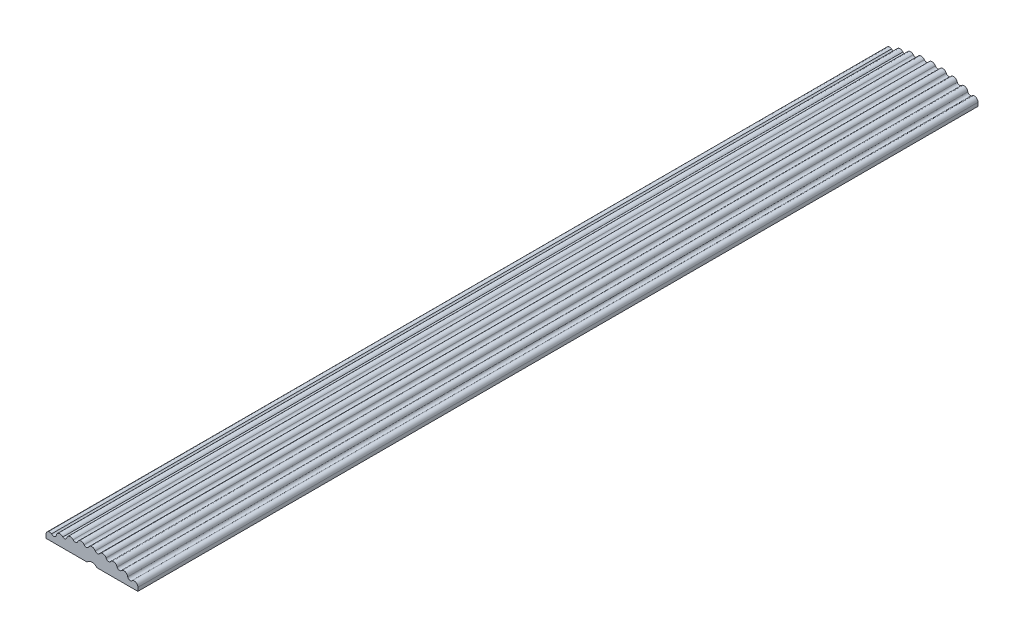
from build123d import *

# Parameters (mm, degrees)
BOSS_EXTRUDE2_DEPTH = 203.2
CUT_EXTRUDE1_REACH  = 357.917
SKETCH2_W           = 22.225
SKETCH2_H           = 25.4


with BuildPart() as part:
    # Sketch1 → Boss-Extrude2 (new body)
    with BuildSketch(Plane.XY.offset(152.4)):
        with BuildLine():
            Line((-11.1125, 7.155754294), (-11.1125, 6.2992))
            Line((-11.1125, 6.2992), (-4.0132, 6.2992))
            ThreePointArc((-4.0132, 6.2992), (-3.653989755, 6.150410245), (-3.5052, 5.7912))
            Line((-3.5052, 5.7912), (-3.5052, 3.980754294))
            ThreePointArc((-3.5052, 3.980754294), (-3.653989755, 3.621544049), (-4.0132, 3.472754294))
            Line((-4.0132, 3.472754294), (-4.7625, 3.472754294))
            Line((-4.7625, 3.472754294), (-2.563540889, 1.114659348))
            ThreePointArc((-2.563540889, 1.114659348), (1.91e-07, 0), (2.563541217, 1.114659472))
            Line((2.563541217, 1.114659472), (4.7625, 3.472754294))
            Line((4.7625, 3.472754294), (4.0132, 3.472754294))
            ThreePointArc((4.0132, 3.472754294), (3.653989755, 3.621544049), (3.5052, 3.980754294))
            Line((3.5052, 3.980754294), (3.5052, 5.7912))
            ThreePointArc((3.5052, 5.7912), (3.653989755, 6.150410245), (4.0132, 6.2992))
            Line((4.0132, 6.2992), (11.1125, 6.2992))
            Line((11.1125, 6.2992), (11.1125, 7.155754292))
            ThreePointArc((11.1125, 7.155754292), (10.663537153, 7.928210313), (9.770119113, 7.920454737))
            ThreePointArc((9.770119113, 7.920454737), (9.148763616, 7.659085907), (8.642363834, 8.104007899))
            ThreePointArc((8.642363834, 8.104007899), (8.019118897, 8.901877), (7.05308944, 8.59886472))
            ThreePointArc((7.05308944, 8.59886472), (6.504535766, 8.494192995), (6.085440415, 8.863281588))
            ThreePointArc((6.085440415, 8.863281588), (5.452899276, 9.555232733), (4.552056662, 9.295642159))
            ThreePointArc((4.552056662, 9.295642159), (3.931317659, 9.028192281), (3.421209266, 9.471628606))
            ThreePointArc((3.421209266, 9.471628606), (2.68084511, 9.976690828), (1.876956272, 9.580471612))
            ThreePointArc((1.876956272, 9.580471612), (1.327001325, 9.29621405), (0.796430567, 9.615192851))
            ThreePointArc((0.796430567, 9.615192851), (-2e-09, 10.1092), (-0.796430568, 9.615192848))
            ThreePointArc((-0.796430568, 9.615192848), (-1.327001326, 9.29621405), (-1.876956272, 9.580471612))
            ThreePointArc((-1.876956272, 9.580471612), (-2.680845114, 9.976690828), (-3.421209269, 9.471628598))
            ThreePointArc((-3.421209269, 9.471628598), (-3.931317662, 9.028192282), (-4.552056659, 9.295642158))
            ThreePointArc((-4.552056659, 9.295642158), (-5.45289928, 9.555232733), (-6.085440418, 8.863281574))
            ThreePointArc((-6.085440418, 8.863281574), (-6.504535766, 8.494192992), (-7.053089431, 8.59886471))
            ThreePointArc((-7.053089431, 8.59886471), (-8.019118881, 8.901877006), (-8.642363831, 8.104007918))
            ThreePointArc((-8.642363831, 8.104007918), (-9.148763609, 7.659085911), (-9.770119113, 7.920454739))
            ThreePointArc((-9.770119113, 7.920454739), (-10.663537153, 7.928210315), (-11.1125, 7.155754294))
        make_face()
        with BuildLine():
            Line((-1.5875, 3.472754294), (-1.5875, 5.276154294))
            ThreePointArc((-1.5875, 5.276154294), (0, 6.863654294), (1.5875, 5.276154294))
            Line((1.5875, 5.276154294), (1.5875, 3.472754294))
            ThreePointArc((1.5875, 3.472754294), (0, 1.885254294), (-1.5875, 3.472754294))
        make_face(mode=Mode.SUBTRACT)
    extrude(amount=BOSS_EXTRUDE2_DEPTH)

    # Cut-Extrude1: up to this face of the body (flat: up to its plane)
    cut_extrude1_end = Plane(part.part.faces().sort_by_distance((7.56285, 6.2992, 254))[0])
    # Sketch2 → Cut-Extrude1 (cut, up to the picked face)
    with BuildSketch(Plane(origin=(0, 0, 0), x_dir=(1, 0, 0), z_dir=(0, 1, 0)), mode=Mode.PRIVATE) as cut_extrude1_sk1:
        with Locations((0, -165.1)):
            Rectangle(SKETCH2_W, SKETCH2_H)
    cut_extrude1_tool1 = split(extrude(cut_extrude1_sk1.sketch, amount=CUT_EXTRUDE1_REACH, mode=Mode.PRIVATE), bisect_by=cut_extrude1_end, keep=Keep.BOTH, mode=Mode.PRIVATE)
    # Sketch2 → Cut-Extrude1 (cut, up to the picked face)
    with BuildSketch(Plane(origin=(0, 0, 0), x_dir=(1, 0, 0), z_dir=(0, 1, 0)), mode=Mode.PRIVATE) as cut_extrude1_sk2:
        with Locations((0, -342.9)):
            Rectangle(SKETCH2_W, SKETCH2_H)
    cut_extrude1_tool2 = split(extrude(cut_extrude1_sk2.sketch, amount=CUT_EXTRUDE1_REACH, mode=Mode.PRIVATE), bisect_by=cut_extrude1_end, keep=Keep.BOTH, mode=Mode.PRIVATE)
    add(cut_extrude1_tool1.solids().sort_by(Axis((0, 0, 165.1), (0, 1, 0)))[0], mode=Mode.SUBTRACT)
    add(cut_extrude1_tool2.solids().sort_by(Axis((0, 0, 342.9), (0, 1, 0)))[0], mode=Mode.SUBTRACT)


solid = part.part

═══

**The task**
Considering only the data above, return the lines in which "solids" occurs.

**Worked solution**
    add(cut_extrude1_tool1.solids().sort_by(Axis((0, 0, 165.1), (0, 1, 0)))[0], mode=Mode.SUBTRACT)
    add(cut_extrude1_tool2.solids().sort_by(Axis((0, 0, 342.9), (0, 1, 0)))[0], mode=Mode.SUBTRACT)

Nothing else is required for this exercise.